1.1 Example: Linear Models

Consider the simple linear model. $\begin{equation} y = \beta_0 + \beta_1 x + \varepsilon \tag{1.1} \end{equation}$

This model has unknown parameters $\beta_0$ and $\beta_1$ . Given observations $(y_1, x_1), (y_2, x_2),\dots, (y_n, x_n)$ , we can combine these data with the likelihood principle, which gives us a procedure for producing model parameter estimates. The likelihood can be maximized to produce maximum likelihood estimates, $\hat{\beta}_0 = \bar{y} - \hat{\beta}_1\bar{x}$ and $\hat{\beta}_1 = \frac{\sum_{i=1}^n (x_i-\bar{x})(y_i-\bar{y})}{\sum_{i=1}^n (x_i-\bar{x})}$ These statistics, $\hat{\beta}_0$ and $\hat{\beta}_1$ , can then be interpreted, depending on the area of application, or used for other purposes, perhaps as inputs to other procedures. In this simple example, we can see how each component of the modeling process works.

Component	Implementation
Model	Linear regression
Principle/Technique	Likelihood principle
Algorithm	Maximization
Statistic	$\hat{\beta}_0$ , $\hat{\beta}_1$

In this example, the maximization of the likelihood was simple because the solution was available in closed form. However, in most other cases, there will not be a closed form solution and some specific algorithm will be needed to maximize the likelihood.

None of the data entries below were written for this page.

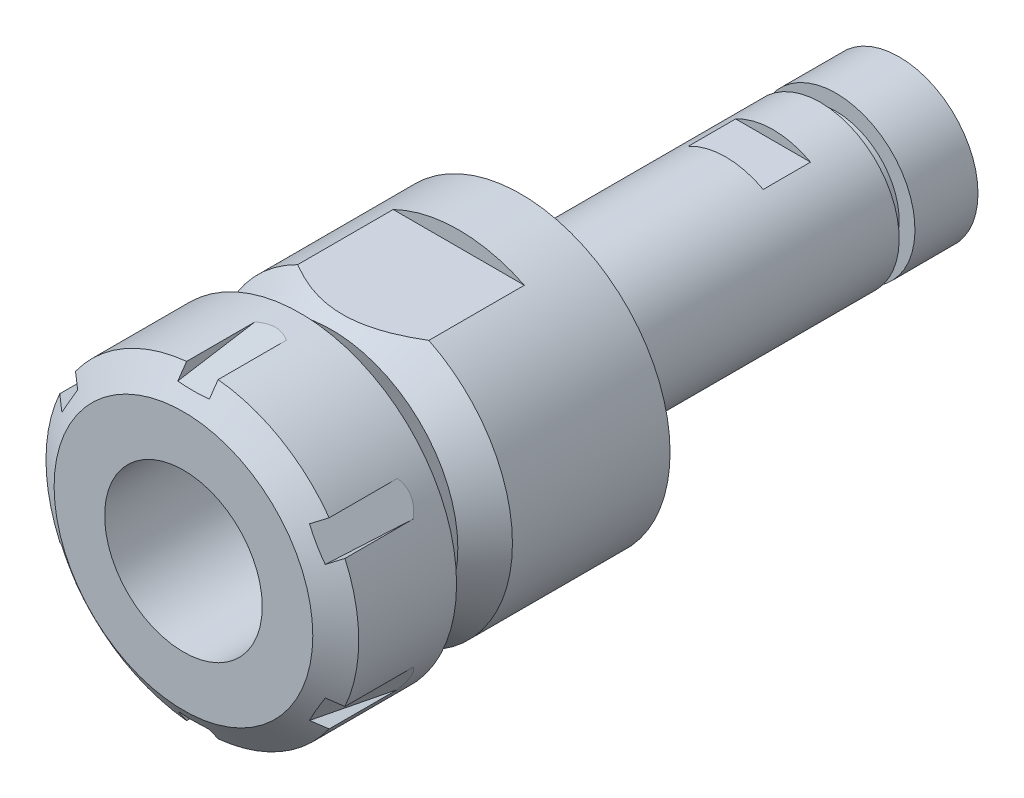
from build123d import *

# Parameters (mm, degrees)
SKETCH1_R               = 15.875
BOSS_EXTRUDE1_DEPTH     = 101.6
SKETCH2_R               = 30.0482
BOSS_EXTRUDE2_DEPTH     = 31.75
SKETCH6_R               = 31.496
BOSS_EXTRUDE3_DEPTH     = 23.5204
FILLET1_R               = 2.54
SKETCH7_R               = 6.35
CUT_EXTRUDE1_DEPTH      = 169.5704
CUT_EXTRUDE2_START      = -36.2204
SKETCH8_R               = 15.875
CUT_EXTRUDE2_DEPTH      = 36.2204
CUT_EXTRUDE3_DEPTH      = 54.102
CUT_EXTRUDE3_DEPTH_BACK = 48.26
CHAMFER1_SIZE           = 3.81
CHAMFER1_SIZE2          = 5.441243906
CUT_EXTRUDE4_DEPTH      = 3.175
CIRPATTERN1_COUNT       = 6
SKETCH11_W              = 31.75
SKETCH11_H              = 25.4
CUT_EXTRUDE5_DEPTH      = 97.536
SKETCH12_R              = 19.151691295
SKETCH12_R_2            = 12.7
CUT_EXTRUDE6_DEPTH      = 3.175
CUT_EXTRUDE7_DEPTH      = 9.525


with BuildPart() as part:
    # Sketch1 → Boss-Extrude1 (new body)
    with BuildSketch(Plane.XY):
        Circle(SKETCH1_R)
    extrude(amount=BOSS_EXTRUDE1_DEPTH)

    # Sketch2 → Boss-Extrude2 (add)
    with BuildSketch(Plane.XY.offset(101.6)):
        Circle(SKETCH2_R)
    extrude(amount=BOSS_EXTRUDE2_DEPTH)

    # Sketch5 → Revolve1 (revolve)
    with BuildSketch(Plane(origin=(0, 0, 0), x_dir=(0, 0, -1), z_dir=(1, 0, 0))):
        Polygon((-133.35, 30.0482), (-139.7, 25.4), (-146.05, 30.0482), (-146.05, 0), (-133.35, 0), align=None)
    revolve(axis=Axis((0, 0, 146.05), (0, 0, -1)))

    # Sketch6 → Boss-Extrude3 (add)
    with BuildSketch(Plane.XY.offset(146.05)):
        Circle(SKETCH6_R)
    extrude(amount=BOSS_EXTRUDE3_DEPTH)

    # Fillet1
    fillet1_edges = [part.edges().sort_by_distance(p)[0] for p in [
        (-15.875, 0, 0),
    ]]
    fillet(fillet1_edges, radius=FILLET1_R)

    # Sketch7 → Cut-Extrude1 (cut)
    with BuildSketch(Plane(origin=(0, 0, 0), x_dir=(-1, 0, 0), z_dir=(0, 0, -1))):
        Circle(SKETCH7_R)
    extrude(amount=-CUT_EXTRUDE1_DEPTH, mode=Mode.SUBTRACT)

    # Sketch8 → Cut-Extrude2 (cut)
    with BuildSketch(Plane.XY.offset(169.5704).offset(CUT_EXTRUDE2_START)):
        Circle(SKETCH8_R)
    extrude(amount=CUT_EXTRUDE2_DEPTH, mode=Mode.SUBTRACT)

    # Sketch9 → Cut-Extrude3 (cut, two sides: drawn at the far end of the back side and taken through both)
    with BuildSketch(Plane(origin=(0, 0, 0), x_dir=(0, 0, -1), z_dir=(1, 0, 0)).offset(-CUT_EXTRUDE3_DEPTH_BACK)):
        Polygon((-114.116493623, 26.9875), (-114.116493623, 30.0482), (-133.35, 30.0482), (-137.531284153, 26.9875), align=None)
        Polygon((-114.116493623, -30.0482), (-114.116493623, -26.9875), (-137.531284153, -26.9875), (-133.35, -30.0482), align=None)
    extrude(amount=CUT_EXTRUDE3_DEPTH + CUT_EXTRUDE3_DEPTH_BACK, mode=Mode.SUBTRACT)

    # Chamfer1
    chamfer1_edges = [part.edges().sort_by_distance(p)[0] for p in [
        (-31.496, 0, 169.5704),
    ]]
    chamfer1_side = [part.faces().sort_by_distance(p)[0] for p in [
        (-31.496, 0, 157.8102),
    ]]
    chamfer(chamfer1_edges, length=CHAMFER1_SIZE, length2=CHAMFER1_SIZE2, reference=chamfer1_side[0])

    # Sketch10 → Cut-Extrude4 (cut, symmetric)
    with BuildSketch(Plane(origin=(0, 0, 0), x_dir=(0, 0, -1), z_dir=(1, 0, 0))):
        Polygon((-151.026387813, 31.496), (-167.6654, 28.775378047), (-167.6654, 34.719485934), align=None)
    cut_extrude4 = extrude(amount=CUT_EXTRUDE4_DEPTH, both=True, mode=Mode.SUBTRACT)

    # CirPattern1: Cut-Extrude4 ×6 about axis
    cirpattern1_axis = Axis((0, 0, 169.5704), (0, 0, 1))
    for i in range(1, CIRPATTERN1_COUNT):
        add(cut_extrude4.rotate(cirpattern1_axis, i * 360 / CIRPATTERN1_COUNT), mode=Mode.SUBTRACT)

    # Sketch11 → Cut-Extrude5 (cut)
    with BuildSketch(Plane(origin=(0, 26.9875, 0), x_dir=(1, 0, 0), z_dir=(0, 1, 0))):
        with Locations((0, -12.7)):
            Rectangle(SKETCH11_W, SKETCH11_H)
    extrude(amount=-CUT_EXTRUDE5_DEPTH, mode=Mode.SUBTRACT)

    # Sketch12 → Cut-Extrude6 (cut)
    with BuildSketch(Plane(origin=(0, 0, 38.1), x_dir=(-1, 0, 0), z_dir=(0, 0, -1))):
        Circle(SKETCH12_R)
        Circle(SKETCH12_R_2, mode=Mode.SUBTRACT)
    extrude(amount=-CUT_EXTRUDE6_DEPTH, mode=Mode.SUBTRACT)

    # Sketch13 → Cut-Extrude7 (cut)
    with BuildSketch(Plane(origin=(0, 0, 50.8), x_dir=(-1, 0, 0), z_dir=(0, 0, -1))):
        with BuildLine():
            Line((-7.540207225, 13.97), (0, 13.97))
            Line((0, 13.97), (7.540207225, 13.97))
            ThreePointArc((7.540207225, 13.97), (0, 15.875), (-7.540207225, 13.97))
        make_face()
    extrude(amount=-CUT_EXTRUDE7_DEPTH, mode=Mode.SUBTRACT)


solid = part.part

Changing the implementation of a given component can lead to different outcomes further down the change and can even produce completely different outputs. Identical estimates for the parameters in this model can be produced (in this case) by replacing the likelihood principle with the principle of least squares. However, changing the principle to produce, for example, maximum a posteriori estimates would have produced different statistics at the end.